§ **What is being asked**
What should you transcribe? Every line from the top of the records below through the line with "line L1 (-47.8634, 4.7625)", exactly, and no pictures.

[Records excerpted from a collection]
◇ ◇ ◇ ◇ ◇
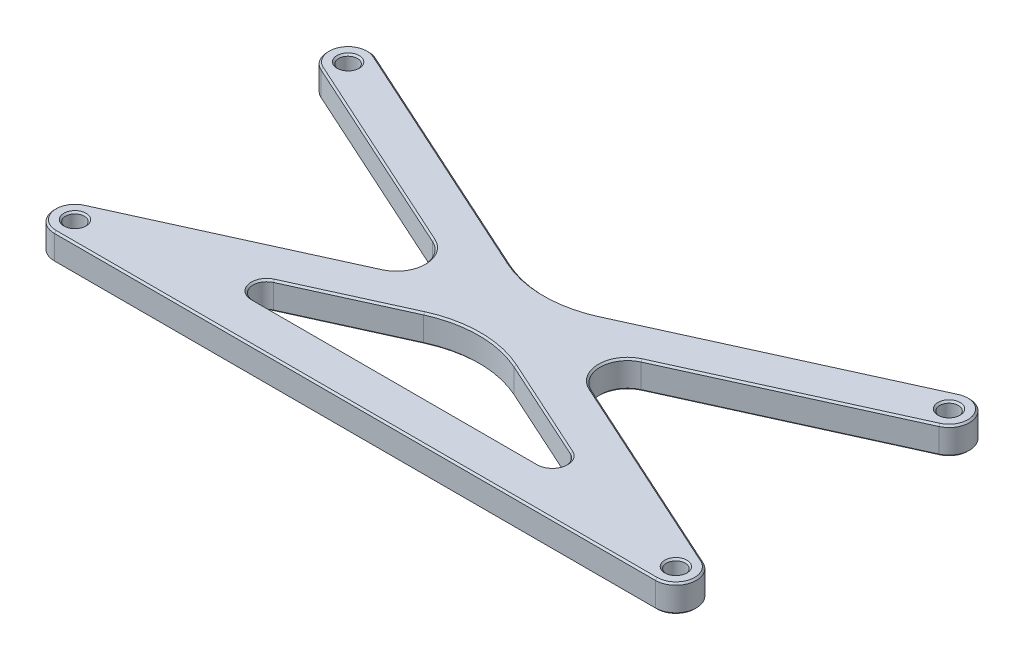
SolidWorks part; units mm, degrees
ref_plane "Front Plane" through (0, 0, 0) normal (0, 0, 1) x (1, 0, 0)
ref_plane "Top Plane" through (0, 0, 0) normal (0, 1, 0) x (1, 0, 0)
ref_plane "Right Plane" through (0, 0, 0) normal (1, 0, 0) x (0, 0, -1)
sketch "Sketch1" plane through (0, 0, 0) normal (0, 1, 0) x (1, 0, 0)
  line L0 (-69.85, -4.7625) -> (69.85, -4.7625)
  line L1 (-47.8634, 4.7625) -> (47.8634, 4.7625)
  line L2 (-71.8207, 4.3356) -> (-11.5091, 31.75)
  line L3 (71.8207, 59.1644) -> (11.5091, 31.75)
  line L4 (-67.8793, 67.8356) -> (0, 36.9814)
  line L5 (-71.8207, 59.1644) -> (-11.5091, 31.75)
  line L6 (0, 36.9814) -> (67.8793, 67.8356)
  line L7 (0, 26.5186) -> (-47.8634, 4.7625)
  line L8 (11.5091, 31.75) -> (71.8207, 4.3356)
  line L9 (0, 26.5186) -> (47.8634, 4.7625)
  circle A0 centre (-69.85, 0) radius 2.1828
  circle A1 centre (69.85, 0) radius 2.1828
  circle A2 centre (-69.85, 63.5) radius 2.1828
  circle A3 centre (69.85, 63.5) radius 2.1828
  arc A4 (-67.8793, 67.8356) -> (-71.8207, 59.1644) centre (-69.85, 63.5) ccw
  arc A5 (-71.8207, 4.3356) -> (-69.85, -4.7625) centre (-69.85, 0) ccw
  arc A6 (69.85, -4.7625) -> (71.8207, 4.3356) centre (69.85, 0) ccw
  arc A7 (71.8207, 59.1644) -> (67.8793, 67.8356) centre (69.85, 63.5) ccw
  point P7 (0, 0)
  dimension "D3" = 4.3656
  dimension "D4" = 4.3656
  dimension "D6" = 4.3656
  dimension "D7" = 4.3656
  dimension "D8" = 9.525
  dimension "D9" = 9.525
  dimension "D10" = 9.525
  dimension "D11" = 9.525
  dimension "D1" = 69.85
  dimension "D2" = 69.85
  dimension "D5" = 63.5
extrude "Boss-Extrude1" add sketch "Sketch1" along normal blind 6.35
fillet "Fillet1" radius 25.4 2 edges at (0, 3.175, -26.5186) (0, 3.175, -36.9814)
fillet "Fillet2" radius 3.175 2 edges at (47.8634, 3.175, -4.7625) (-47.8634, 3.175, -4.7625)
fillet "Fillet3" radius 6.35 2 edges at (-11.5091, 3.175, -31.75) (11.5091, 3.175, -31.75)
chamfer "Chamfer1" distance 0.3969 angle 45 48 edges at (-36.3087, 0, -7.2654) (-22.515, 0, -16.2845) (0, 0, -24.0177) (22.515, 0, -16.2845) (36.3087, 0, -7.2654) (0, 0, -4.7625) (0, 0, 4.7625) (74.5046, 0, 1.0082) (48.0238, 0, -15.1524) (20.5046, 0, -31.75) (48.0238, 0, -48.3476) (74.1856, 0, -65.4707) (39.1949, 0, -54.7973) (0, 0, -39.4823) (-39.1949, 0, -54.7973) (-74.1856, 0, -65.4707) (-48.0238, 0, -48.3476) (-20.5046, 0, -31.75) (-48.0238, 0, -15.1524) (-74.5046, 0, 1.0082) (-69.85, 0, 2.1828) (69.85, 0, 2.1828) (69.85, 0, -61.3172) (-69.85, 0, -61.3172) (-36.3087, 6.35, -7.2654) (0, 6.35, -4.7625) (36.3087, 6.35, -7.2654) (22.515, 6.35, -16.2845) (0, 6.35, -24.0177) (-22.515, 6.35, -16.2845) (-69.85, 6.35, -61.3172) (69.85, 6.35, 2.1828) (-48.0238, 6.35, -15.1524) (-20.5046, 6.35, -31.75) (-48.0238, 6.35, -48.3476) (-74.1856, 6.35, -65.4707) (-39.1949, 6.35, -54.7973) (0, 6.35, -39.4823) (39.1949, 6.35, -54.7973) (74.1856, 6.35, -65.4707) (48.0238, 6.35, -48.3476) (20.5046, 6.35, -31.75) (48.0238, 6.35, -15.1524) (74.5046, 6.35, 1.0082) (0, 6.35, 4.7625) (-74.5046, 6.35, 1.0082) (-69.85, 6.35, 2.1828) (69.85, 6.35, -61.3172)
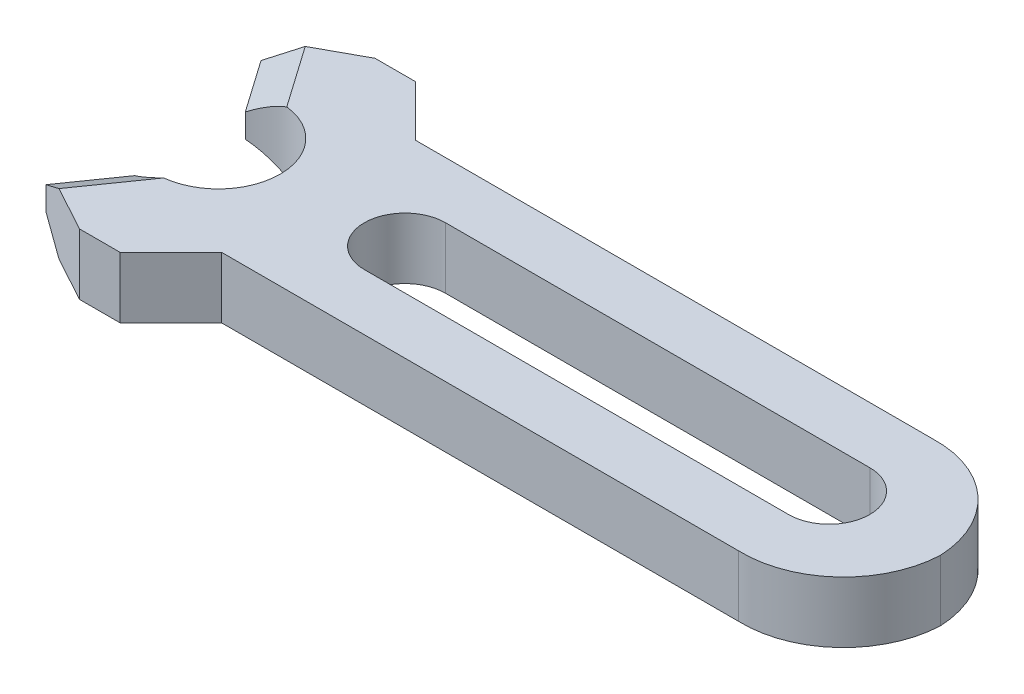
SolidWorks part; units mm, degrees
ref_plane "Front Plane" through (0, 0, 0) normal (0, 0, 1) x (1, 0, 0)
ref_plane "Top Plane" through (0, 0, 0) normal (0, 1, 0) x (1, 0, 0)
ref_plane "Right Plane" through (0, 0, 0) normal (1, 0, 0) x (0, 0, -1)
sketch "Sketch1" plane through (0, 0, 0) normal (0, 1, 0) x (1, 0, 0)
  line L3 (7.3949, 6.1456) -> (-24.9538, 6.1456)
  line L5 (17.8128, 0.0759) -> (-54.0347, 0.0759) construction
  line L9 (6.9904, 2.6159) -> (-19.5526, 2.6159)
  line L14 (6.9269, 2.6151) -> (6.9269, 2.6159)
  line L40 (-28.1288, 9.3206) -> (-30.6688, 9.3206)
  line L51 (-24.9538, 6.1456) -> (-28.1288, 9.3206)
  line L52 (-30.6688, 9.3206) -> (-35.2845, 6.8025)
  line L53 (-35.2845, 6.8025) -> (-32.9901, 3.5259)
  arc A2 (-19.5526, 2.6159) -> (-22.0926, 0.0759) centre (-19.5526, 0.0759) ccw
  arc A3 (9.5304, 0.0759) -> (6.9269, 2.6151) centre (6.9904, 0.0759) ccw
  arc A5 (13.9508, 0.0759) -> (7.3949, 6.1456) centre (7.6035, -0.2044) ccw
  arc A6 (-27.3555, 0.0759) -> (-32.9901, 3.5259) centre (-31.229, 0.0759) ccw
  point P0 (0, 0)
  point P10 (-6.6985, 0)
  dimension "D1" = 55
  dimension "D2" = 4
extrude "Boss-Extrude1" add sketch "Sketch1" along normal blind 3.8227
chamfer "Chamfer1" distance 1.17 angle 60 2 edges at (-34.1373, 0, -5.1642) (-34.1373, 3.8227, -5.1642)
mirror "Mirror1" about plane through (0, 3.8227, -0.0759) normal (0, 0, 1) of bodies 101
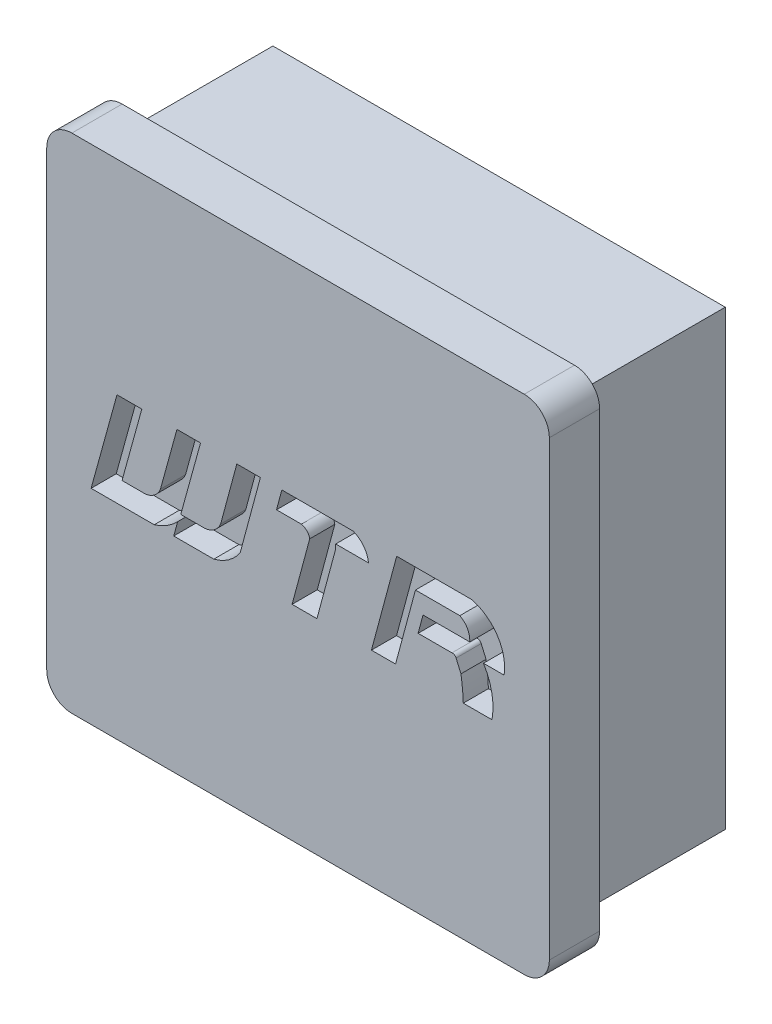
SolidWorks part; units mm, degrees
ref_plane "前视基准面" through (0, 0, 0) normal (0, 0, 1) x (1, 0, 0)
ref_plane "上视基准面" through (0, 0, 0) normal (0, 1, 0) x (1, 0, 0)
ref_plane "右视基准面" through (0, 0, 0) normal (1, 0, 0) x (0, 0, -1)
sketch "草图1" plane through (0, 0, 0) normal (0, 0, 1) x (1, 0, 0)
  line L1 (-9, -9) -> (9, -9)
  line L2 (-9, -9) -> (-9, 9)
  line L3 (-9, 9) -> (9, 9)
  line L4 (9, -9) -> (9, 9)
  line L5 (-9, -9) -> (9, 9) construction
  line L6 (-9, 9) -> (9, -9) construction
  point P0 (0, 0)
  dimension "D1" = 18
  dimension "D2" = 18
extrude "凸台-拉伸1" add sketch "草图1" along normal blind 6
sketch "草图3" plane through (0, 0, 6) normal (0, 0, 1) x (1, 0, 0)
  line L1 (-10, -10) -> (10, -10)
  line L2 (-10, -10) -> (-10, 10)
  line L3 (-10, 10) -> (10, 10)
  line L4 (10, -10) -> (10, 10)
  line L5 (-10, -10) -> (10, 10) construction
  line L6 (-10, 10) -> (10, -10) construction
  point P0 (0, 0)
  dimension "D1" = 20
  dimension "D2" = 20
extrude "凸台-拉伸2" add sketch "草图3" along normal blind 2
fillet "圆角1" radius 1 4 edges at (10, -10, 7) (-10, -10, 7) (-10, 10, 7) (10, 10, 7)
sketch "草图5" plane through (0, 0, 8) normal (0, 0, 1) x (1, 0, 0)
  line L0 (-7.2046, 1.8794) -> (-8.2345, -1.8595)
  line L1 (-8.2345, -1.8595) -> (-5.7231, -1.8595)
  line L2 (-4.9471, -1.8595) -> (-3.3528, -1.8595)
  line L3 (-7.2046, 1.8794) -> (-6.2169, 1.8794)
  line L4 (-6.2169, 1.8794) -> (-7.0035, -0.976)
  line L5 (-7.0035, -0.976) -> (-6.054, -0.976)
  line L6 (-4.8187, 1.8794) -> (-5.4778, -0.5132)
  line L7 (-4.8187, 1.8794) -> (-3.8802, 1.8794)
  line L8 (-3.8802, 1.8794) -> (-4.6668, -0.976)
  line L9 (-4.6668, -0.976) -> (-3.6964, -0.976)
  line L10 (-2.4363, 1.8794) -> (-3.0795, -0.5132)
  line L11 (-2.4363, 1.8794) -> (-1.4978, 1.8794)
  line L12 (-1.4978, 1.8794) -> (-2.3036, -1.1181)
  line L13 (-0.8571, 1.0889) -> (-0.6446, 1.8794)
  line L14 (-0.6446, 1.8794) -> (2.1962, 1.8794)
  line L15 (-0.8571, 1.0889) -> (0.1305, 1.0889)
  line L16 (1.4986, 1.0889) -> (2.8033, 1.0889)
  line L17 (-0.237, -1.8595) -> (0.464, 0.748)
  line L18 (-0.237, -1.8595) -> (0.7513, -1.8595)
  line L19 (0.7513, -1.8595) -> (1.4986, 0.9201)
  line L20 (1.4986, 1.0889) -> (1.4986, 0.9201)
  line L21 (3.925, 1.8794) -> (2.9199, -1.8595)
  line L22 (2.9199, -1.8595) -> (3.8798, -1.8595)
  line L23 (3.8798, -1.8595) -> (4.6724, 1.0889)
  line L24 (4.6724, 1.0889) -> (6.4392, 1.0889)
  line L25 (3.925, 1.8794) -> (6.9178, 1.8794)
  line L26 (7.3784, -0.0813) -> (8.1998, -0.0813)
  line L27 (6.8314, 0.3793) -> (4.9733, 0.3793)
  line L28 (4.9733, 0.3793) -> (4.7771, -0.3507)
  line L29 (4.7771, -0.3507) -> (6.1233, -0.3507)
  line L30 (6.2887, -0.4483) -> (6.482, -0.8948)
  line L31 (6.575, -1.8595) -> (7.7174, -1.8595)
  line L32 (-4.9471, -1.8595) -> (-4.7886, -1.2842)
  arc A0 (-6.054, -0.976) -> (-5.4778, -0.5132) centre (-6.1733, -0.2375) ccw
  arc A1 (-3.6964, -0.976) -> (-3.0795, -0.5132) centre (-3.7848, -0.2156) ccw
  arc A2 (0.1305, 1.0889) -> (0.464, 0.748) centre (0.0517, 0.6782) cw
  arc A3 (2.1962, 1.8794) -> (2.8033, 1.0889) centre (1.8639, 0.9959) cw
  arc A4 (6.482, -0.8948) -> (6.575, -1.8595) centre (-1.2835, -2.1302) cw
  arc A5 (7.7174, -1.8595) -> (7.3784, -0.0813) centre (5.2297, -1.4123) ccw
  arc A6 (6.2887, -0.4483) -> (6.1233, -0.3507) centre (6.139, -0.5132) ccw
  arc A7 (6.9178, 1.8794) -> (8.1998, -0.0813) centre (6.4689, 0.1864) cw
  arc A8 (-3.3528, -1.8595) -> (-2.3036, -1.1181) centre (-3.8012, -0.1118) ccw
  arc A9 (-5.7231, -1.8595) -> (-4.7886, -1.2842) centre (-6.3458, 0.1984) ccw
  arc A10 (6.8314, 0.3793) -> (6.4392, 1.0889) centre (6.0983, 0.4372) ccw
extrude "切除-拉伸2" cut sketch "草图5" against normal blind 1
◇ ◇ ◇ ◇ ◇
§ **Result of the exercise**
SolidWorks part; units mm, degrees
ref_plane "Front Plane" through (0, 0, 0) normal (0, 0, 1) x (1, 0, 0)
ref_plane "Top Plane" through (0, 0, 0) normal (0, 1, 0) x (1, 0, 0)
ref_plane "Right Plane" through (0, 0, 0) normal (1, 0, 0) x (0, 0, -1)
sketch "Sketch1" plane through (0, 0, 0) normal (0, 1, 0) x (1, 0, 0)
  line L0 (-69.85, -4.7625) -> (69.85, -4.7625)
  line L1 (-47.8634, 4.7625) -> (47.8634, 4.7625)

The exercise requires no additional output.